I've built a couple of smaller jumps but they were all under 2ft. tall and had a very small gap... my question is how big should i make my jump? I'm not scared to go big but i was wondering how big and wide i should make my 1st major jump
all tips and tricks would be helpful
~Thank You~


----------



## cmc4130 (Jan 30, 2008)

dcompton94 said:


> I've built a couple of smaller jumps but they were all under 2ft. tall and had a very small gap... my question is how big should i make my jump? I'm not scared to go big but i was wondering how big and wide i should make my 1st major jump
> all tips and tricks would be helpful
> ~Thank You~


dirt jumps you are free to do whatever you want.... but just going by experience, i suggest start with 3 foot tall and 8 foot gap. then later try 4 ft. and 10 ft. gap. then 5 and 12 ft.

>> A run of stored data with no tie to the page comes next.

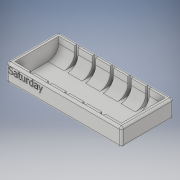
# Autodesk Inventor part: Saturday
Saved by Autodesk Inventor 2019.4 (Build 234330000, 330)
## iProperties
Created: 2020-10-20
Part Number: Saturday
Material: Generic
Document SubType Name: Modeling
Designer: daanswinters
Density: 1 g/cm^3
Appearance: Default
Author: daanswinters
Autodesk Inventor part; units mm, degrees
ref_plane "YZ Plane" through (0, 0, 0) normal (1, 0, 0) x (0, 1, 0)
ref_plane "XZ Plane" through (0, 0, 0) normal (0, 1, 0) x (-1, 0, 0)
ref_plane "XY Plane" through (0, 0, 0) normal (0, 0, 1) x (1, 0, 0)
sketch "Sketch1" plane through (0, 0, 0) normal (0, 0, 1) x (1, 0, 0)
  line L0 (55, -8.5) -> (-55, -8.5)
  line L1 (-55, -8.5) -> (-55, 8.5)
  line L2 (-55, 8.5) -> (55, 8.5)
  line L3 (55, 8.5) -> (55, -8.5)
  line L4 (55, -8.5) -> (-55, 8.5) construction
  line L5 (-55, -8.5) -> (55, 8.5) construction
  point P0 (0, 0)
  dimension "d0" = 110
  dimension "d1" = 17
  constraints: 12 end point, 2 midpoint, 2 parallel, 1 horizontal, 1 perpendicular
  measures "d0" distance of L1.end L2.end
  measures "d1" distance of L0.end L1.end
extrude "Extrusion1" add sketch "Sketch1" along normal blind 50
sketch "Sketch2" plane through (-55, 8.5, 0) normal (0, 1, 0) x (1, 0, 0)
  line L0 (0, 0) -> (0, -50) projected
  line L1 (110, -50) -> (0, -50)
  line L2 (0, -50) -> (0, 0)
  line L3 (0, 0) -> (110, 0)
  line L4 (110, 0) -> (110, -50)
  line L5 (110, -50) -> (0, 0) construction
  line L6 (0, -50) -> (110, 0) construction
  line L7 (106, -46) -> (106, -4)
  line L8 (4, -4) -> (4, -46)
  line L9 (56.15, -2) -> (53.85, -2)
  line L10 (53.85, -48) -> (56.15, -48)
  line L11 (56.15, -2) -> (53.85, -48) construction
  line L12 (53.85, -2) -> (56.15, -48) construction
  line L13 (73.15, -2) -> (70.85, -2)
  line L14 (70.85, -48) -> (73.15, -48)
  line L15 (73.15, -2) -> (70.85, -48) construction
  line L16 (70.85, -2) -> (73.15, -48) construction
  line L17 (0, -25) -> (110, -25) construction
  line L18 (87.85, -2) -> (90.15, -2)
  line L19 (90.15, -48) -> (87.85, -48)
  line L20 (87.85, -2) -> (90.15, -48) construction
  line L21 (90.15, -2) -> (87.85, -48) construction
  line L22 (36.85, -2) -> (39.15, -2)
  line L23 (39.15, -48) -> (36.85, -48)
  line L24 (36.85, -2) -> (39.15, -48) construction
  line L25 (39.15, -2) -> (36.85, -48) construction
  line L26 (19.85, -2) -> (22.15, -2)
  line L27 (22.15, -48) -> (19.85, -48)
  line L28 (19.85, -2) -> (22.15, -48) construction
  line L29 (22.15, -2) -> (19.85, -48) construction
  line L30 (90.15, -2) -> (90.15, -4)
  line L31 (90.15, -46) -> (90.15, -48)
  line L32 (87.85, -48) -> (87.85, -46)
  line L33 (87.85, -4) -> (87.85, -2)
  line L34 (73.15, -48) -> (73.15, -46)
  line L35 (73.15, -4) -> (73.15, -2)
  line L36 (70.85, -2) -> (70.85, -4)
  line L37 (70.85, -46) -> (70.85, -48)
  line L38 (56.15, -4) -> (56.15, -2)
  line L39 (53.85, -2) -> (53.85, -4)
  line L40 (53.85, -46) -> (53.85, -48)
  line L41 (56.15, -48) -> (56.15, -46)
  line L42 (39.15, -2) -> (39.15, -4)
  line L43 (39.15, -46) -> (39.15, -48)
  line L44 (36.85, -48) -> (36.85, -46)
  line L45 (36.85, -4) -> (36.85, -2)
  line L46 (22.15, -2) -> (22.15, -4)
  line L47 (19.85, -48) -> (19.85, -46)
  line L48 (19.85, -4) -> (19.85, -2)
  line L49 (22.15, -46) -> (22.15, -48)
  line L50 (4, -46) -> (19.95, -46)
  line L51 (22.05, -46) -> (36.95, -46)
  line L52 (39.05, -46) -> (53.95, -46)
  line L53 (56.05, -46) -> (70.95, -46)
  line L54 (73.05, -46) -> (87.95, -46)
  line L55 (90.05, -46) -> (106, -46)
  line L56 (106, -4) -> (90.05, -4)
  line L57 (87.95, -4) -> (73.05, -4)
  line L58 (70.95, -4) -> (56.05, -4)
  line L59 (53.95, -4) -> (39.05, -4)
  line L60 (36.95, -4) -> (22.05, -4)
  line L61 (19.95, -4) -> (4, -4)
  point P0 (55, 0)
  point P1 (55, -25)
  point P2 (72, -25)
  point P3 (89, -25)
  point P4 (38, -25)
  point P5 (21, -25)
  dimension "d4" = 65.556
  dimension "d5" = 110
  dimension "d7" = 2.3
  dimension "d8" = 46
  dimension "d9" = 2.3
  dimension "d10" = 46
  dimension "d11" = 0
  dimension "d12" = 2.3
  dimension "d13" = 46
  dimension "d14" = 2.3
  dimension "d15" = 46
  dimension "d16" = 2.3
  dimension "d17" = 46
  dimension "d18" = 17
  dimension "d19" = 17
  dimension "d20" = 17
  dimension "d21" = 17
  dimension "d22" = 2.862
  dimension "d23" = 2.862
  dimension "d24" = 106
  dimension "d25" = 4
  dimension "d26" = 42
  dimension "d27" = 2
  dimension "d28" = 0
  dimension "d29" = 42
  dimension "d30" = 0
  dimension "d31" = 42
  dimension "d32" = 0
  dimension "d33" = 42
  dimension "d34" = 0
  dimension "d35" = 42
  dimension "d36" = 0
  dimension "d37" = 42
  constraints: 122 end point, 73 parallel, 43 point on line, 17 perpendicular, 14 midpoint, 6 horizontal
  measures "d4" angle of L5 L0
  measures "d5" distance between parallel lines of L4 L0
  measures "d7" distance of L10.end L10.start
  measures "d8" distance of L10.start L9.end
  measures "d9" distance of L14.end L14.start
  measures "d10" distance of L14.start L13.end
  measures "d11" distance from line of L17 point (72, -25)
  measures "d12" distance of L19.start L19.end
  measures "d13" distance of L18.end L19.start
  measures "d14" distance of L23.start L23.end
  measures "d15" distance of L22.end L23.start
  measures "d16" distance of L27.start L27.end
  measures "d17" distance of L26.end L27.start
  measures "d18" distance of point (72, -25) point (55, -25)
  measures "d19" distance of point (89, -25) point (72, -25)
  measures "d20" distance of point (38, -25) point (55, -25)
  measures "d21" distance of point (21, -25) point (38, -25)
  measures "d22" angle of L0 L20
  measures "d23" angle of L0 L21
  measures "d24" distance between parallel lines of L7 L0
  measures "d25" distance between parallel lines of L8 L0
  measures "d26" distance between parallel lines of L56 L55
  measures "d27" distance between parallel lines of L56 L18
  measures "d28" distance between parallel lines of L56 L57
  measures "d29" distance between parallel lines of L56 L54
  measures "d30" distance between parallel lines of L56 L58
  measures "d31" distance between parallel lines of L56 L53
  measures "d32" distance between parallel lines of L56 L59
  measures "d33" distance between parallel lines of L56 L52
  measures "d34" distance between parallel lines of L56 L60
  measures "d35" distance between parallel lines of L56 L51
  measures "d36" distance between parallel lines of L56 L61
  measures "d37" distance between parallel lines of L56 L50
extrude "Extrusion2" cut sketch "Sketch2" against normal blind 16 contours L55 L31 L19 L32 L54 L34 L14 L37 L53 L41 L10 L40 L52 L43 L23 L44 L51 L49 L27 L47 L50 L8 L61 L48 L26 L46 L60 L45 L22 L42 L59 L39 L9 L38 L58 L36 L13 L35 L57 L33 L18 L30 L56 L7
fillet "Fillet1" radius 2 12 edges at (-55, 0, 50) (-55, 0, 0) (55, 0, 50) (55, 0, 0) (0, 8.5, 50) (-55, 8.5, 25) (0, 8.5, 0) (55, 8.5, 25) (55, -8.5, 25) (0, -8.5, 50) (-55, -8.5, 25) (0, -8.5, 0)
fillet "Fillet2" radius 10 6 edges at (-43.075, -7.5, 4) (-25.5, -7.5, 4) (-8.5, -7.5, 4) (8.5, -7.5, 4) (25.5, -7.5, 4) (43.075, -7.5, 4)
sketch "Sketch3" plane through (35.15, 8.5, 4) normal (0, 1, 0) x (1, 0, 0)
  line L0 (-70.3, -44) -> (-70.3, -42) projected
  line L1 (-51, 2) -> (-53.3, 2)
  line L2 (-34, 2) -> (-34, 0) projected
  line L3 (-36.3, -44) -> (-36.3, -42) projected
  line L4 (-19.3, -44) -> (-19.3, -42) projected
  line L5 (-2.3, -44) -> (-2.3, -42) projected
  line L6 (0, 2) -> (0, 0) projected
  line L7 (-19.8, 2) -> (-16.5, 2)
  line L8 (-16.5, 2) -> (-16.5, -44)
  line L9 (-16.5, -44) -> (-19.8, -44)
  line L10 (-19.8, -44) -> (-19.8, 2)
  line L11 (-19.8, 2) -> (-16.5, -44) construction
  line L12 (-16.5, 2) -> (-19.8, -44) construction
  line L13 (-2.8, -44) -> (0.5, -44)
  line L14 (0.5, -44) -> (0.5, 2)
  line L15 (0.5, 2) -> (-2.8, 2)
  line L16 (-2.8, 2) -> (-2.8, -44)
  line L17 (-2.8, -44) -> (0.5, 2) construction
  line L18 (0.5, -44) -> (-2.8, 2) construction
  line L19 (-36.8, -44) -> (-33.5, -44)
  line L20 (-33.5, -44) -> (-33.5, 2)
  line L21 (-33.5, 2) -> (-36.8, 2)
  line L22 (-36.8, 2) -> (-36.8, -44)
  line L23 (-36.8, -44) -> (-33.5, 2) construction
  line L24 (-33.5, -44) -> (-36.8, 2) construction
  line L25 (-51, 2) -> (-36.3, 2) projected
  line L26 (-53.8, -44) -> (-50.5, -44)
  line L27 (-50.5, -44) -> (-50.5, 2)
  line L28 (-50.5, 2) -> (-53.8, 2)
  line L29 (-53.8, 2) -> (-53.8, -44)
  line L30 (-53.8, -44) -> (-50.5, 2) construction
  line L31 (-50.5, -44) -> (-53.8, 2) construction
  line L32 (-53.3, -44) -> (-68, -44) projected
  line L33 (-70.8, 2) -> (-67.5, 2)
  line L34 (-67.5, 2) -> (-67.5, -44)
  line L35 (-67.5, -44) -> (-70.8, -44)
  line L36 (-70.8, -44) -> (-70.8, 2)
  line L37 (-70.8, 2) -> (-67.5, -44) construction
  line L38 (-67.5, 2) -> (-70.8, -44) construction
  point P0 (-35.15, 4)
  point P1 (-68, 2)
  point P2 (-17, 2)
  point P3 (-18.15, -21)
  point P4 (-1.15, -21)
  point P5 (-35.15, -21)
  point P6 (-52.15, -21)
  point P7 (-69.15, -21)
  dimension "d42" = 3.3
  dimension "d43" = 46
  dimension "d44" = 3.3
  dimension "d45" = 3.3
  dimension "d46" = 3.3
  dimension "d47" = 3.3
  dimension "d48" = 90
  dimension "d49" = 0.5
  dimension "d50" = 16.5
  dimension "d51" = 33.5
  dimension "d52" = 50.5
  dimension "d53" = 67.5
  dimension "d54" = 46
  dimension "d55" = 0
  dimension "d56" = 53.3
  constraints: 62 end point, 14 parallel, 10 midpoint, 5 horizontal, 5 perpendicular, 3 point on line
  measures "d42" distance of L8.end L9.end
  measures "d43" distance of L7.end L8.end
  measures "d44" distance of L15.end L14.end
  measures "d45" distance of L21.end L20.end
  measures "d46" distance of L28.end L27.end
  measures "d47" distance of L34.end L35.end
  measures "d48" angle of L6 L1
  measures "d49" distance between parallel lines of L6 L14
  measures "d50" distance between parallel lines of L6 L8
  measures "d51" distance between parallel lines of L6 L20
  measures "d52" distance between parallel lines of L6 L27
  measures "d53" distance between parallel lines of L6 L34
  measures "d54" distance between parallel lines of L25 L9
  measures "d55" distance between parallel lines of L15 L25
  measures "d56" distance from line of L1.end L6
extrude "Extrusion3" cut sketch "Sketch3" against normal blind 16
sketch "Sketch4" plane through (0, 0, 50) normal (0, 0, 1) x (1, 0, 0)
  line L0 (-52.9749, 6.5012) -> (53.0345, 6.5012) construction
  line L1 (53.0345, 6.5012) -> (53.0345, -6.5247) construction
  line L2 (53.0345, -6.5247) -> (-52.9749, -6.5247) construction
  line L3 (-52.9749, -6.5247) -> (-52.9749, 6.5012) construction
  spline S0 degree 2 poles (-50.6565, 0.0206) (-51.3189, 0.0206) (-52.2483, 0.2974) (-52.6586, 0.4952) knots 0 0 0 1 2 2 2
  line L4 (-52.6586, 0.4952) -> (-52.6586, 1.5135)
  line L5 (-52.6586, 1.5135) -> (-52.5992, 1.5135)
  spline S1 degree 2 poles (-52.5992, 1.5135) (-52.1988, 1.1378) (-51.1855, 0.7226) (-50.7159, 0.7226) knots 0 0 0 1 2 2 2
  spline S2 degree 2 poles (-50.7159, 0.7226) (-50.0436, 0.7226) (-49.3565, 1.2812) (-49.3565, 1.7409) knots 0 0 0 1 2 2 2
  spline S3 degree 2 poles (-49.3565, 1.7409) (-49.3565, 2.1067) (-49.7173, 2.5615) (-50.1078, 2.6752) knots 0 0 0 1 2 2 2
  spline S4 degree 2 poles (-50.1078, 2.6752) (-50.3896, 2.7542) (-50.8592, 2.863) (-51.2102, 2.952) knots 0 0 0 1 2 2 2
  spline S5 degree 2 poles (-51.2102, 2.952) (-51.5265, 3.036) (-52.0258, 3.2881) (-52.2186, 3.4908) knots 0 0 0 1 2 2 2
  spline S6 degree 2 poles (-52.2186, 3.4908) (-52.4065, 3.6935) (-52.6141, 4.2372) (-52.6141, 4.5931) knots 0 0 0 1 2 2 2
  spline S7 degree 2 poles (-52.6141, 4.5931) (-52.6141, 5.3346) (-51.4573, 6.3381) (-50.5626, 6.3381) knots 0 0 0 1 2 2 2
  spline S8 degree 2 poles (-50.5626, 6.3381) (-50.0485, 6.3381) (-49.1389, 6.1354) (-48.7484, 5.9427) knots 0 0 0 1 2 2 2
  line L6 (-48.7484, 5.9427) -> (-48.7484, 4.9738)
  line L7 (-48.7484, 4.9738) -> (-48.8077, 4.9738)
  spline S9 degree 2 poles (-48.8077, 4.9738) (-49.0994, 5.2407) (-50.009, 5.6362) (-50.5082, 5.6362) knots 0 0 0 1 2 2 2
  spline S10 degree 2 poles (-50.5082, 5.6362) (-51.0718, 5.6362) (-51.7688, 5.1072) (-51.7688, 4.6772) knots 0 0 0 1 2 2 2
  spline S11 degree 2 poles (-51.7688, 4.6772) (-51.7688, 4.2916) (-51.3585, 3.8319) (-50.9729, 3.7281) knots 0 0 0 1 2 2 2
  spline S12 degree 2 poles (-50.9729, 3.7281) (-50.7159, 3.6589) (-49.9694, 3.4809) (-49.7223, 3.4068) knots 0 0 0 1 2 2 2
  spline S13 degree 2 poles (-49.7223, 3.4068) (-49.0945, 3.214) (-48.5112, 2.4379) (-48.5112, 1.8694) knots 0 0 0 1 2 2 2
  spline S14 degree 2 poles (-48.5112, 1.8694) (-48.5112, 1.5085) (-48.8028, 0.8165) (-49.0648, 0.5743) knots 0 0 0 1 2 2 2
  spline S15 degree 2 poles (-49.0648, 0.5743) (-49.3565, 0.3073) (-50.0979, 0.0206) (-50.6565, 0.0206) knots 0 0 0 1 2 2 2
  spline S16 degree 2 poles (-45.1942, 0.6138) (-45.2881, 0.5446) (-45.6045, 0.2974) (-45.7528, 0.2233) knots 0 0 0 1 2 2 2
  spline S17 degree 2 poles (-45.7528, 0.2233) (-45.9555, 0.1145) (-46.3361, 0.0008) (-46.6821, 0.0008) knots 0 0 0 1 2 2 2
  spline S18 degree 2 poles (-46.6821, 0.0008) (-46.9639, 0.0008) (-47.4731, 0.2134) (-47.6659, 0.4062) knots 0 0 0 1 2 2 2
  spline S19 degree 2 poles (-47.6659, 0.4062) (-47.8488, 0.594) (-48.0712, 1.1477) (-48.0712, 1.4542) knots 0 0 0 1 2 2 2
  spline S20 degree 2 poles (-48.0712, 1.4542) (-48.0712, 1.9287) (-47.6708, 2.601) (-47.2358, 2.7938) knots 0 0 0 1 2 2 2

you can learn a lot from bikepark box jumps. do you have a skatepark/bikepark where you live?


----------



## dcompton94 (Jan 1, 2009)

I have never actually been to a skate park, im in Omaha Nebraska and don't think their are any around that allow bikes. but thanks, and any1 know any tips/ tricks to making the jumps taller? it seems all the dirt slides off before it becomes taller


----------



## cmc4130 (Jan 30, 2008)

dcompton94 said:


> I have never actually been to a skate park, im in Omaha Nebraska and don't think their are any around that allow bikes. but thanks, and any1 know any tips/ tricks to making the jumps taller? it seems all the dirt slides off before it becomes taller


http://www.omahabmx.com/
maybe you should start going to bmx races in Omaha and hanging out with those riders. if there are any dirt jump spots, they will know about them. plus, by racing you will get much better skills on dirt for that will benefit you for dirt jumping. most of the best dirt jumpers have racing experience.


----------



## dcompton94 (Jan 1, 2009)

would BMX help me with XC at all?


----------



## redriderbb (Aug 30, 2005)

*Look up a Legend...*

John Tomac


----------



## herbn (Sep 17, 2005)

really, you must be about 6 years old sorry just posting the very first thought i had when reading your title,sorry, resume your discussion.


----------



## dcompton94 (Jan 1, 2009)

awesome, any tips to building DJs bigger?


----------



## cmc4130 (Jan 30, 2008)

the main thing about building dirt jumps big is it just requires a LOT of dirt.
a contractor size wheelbarrow completely full is 6 cubic feet.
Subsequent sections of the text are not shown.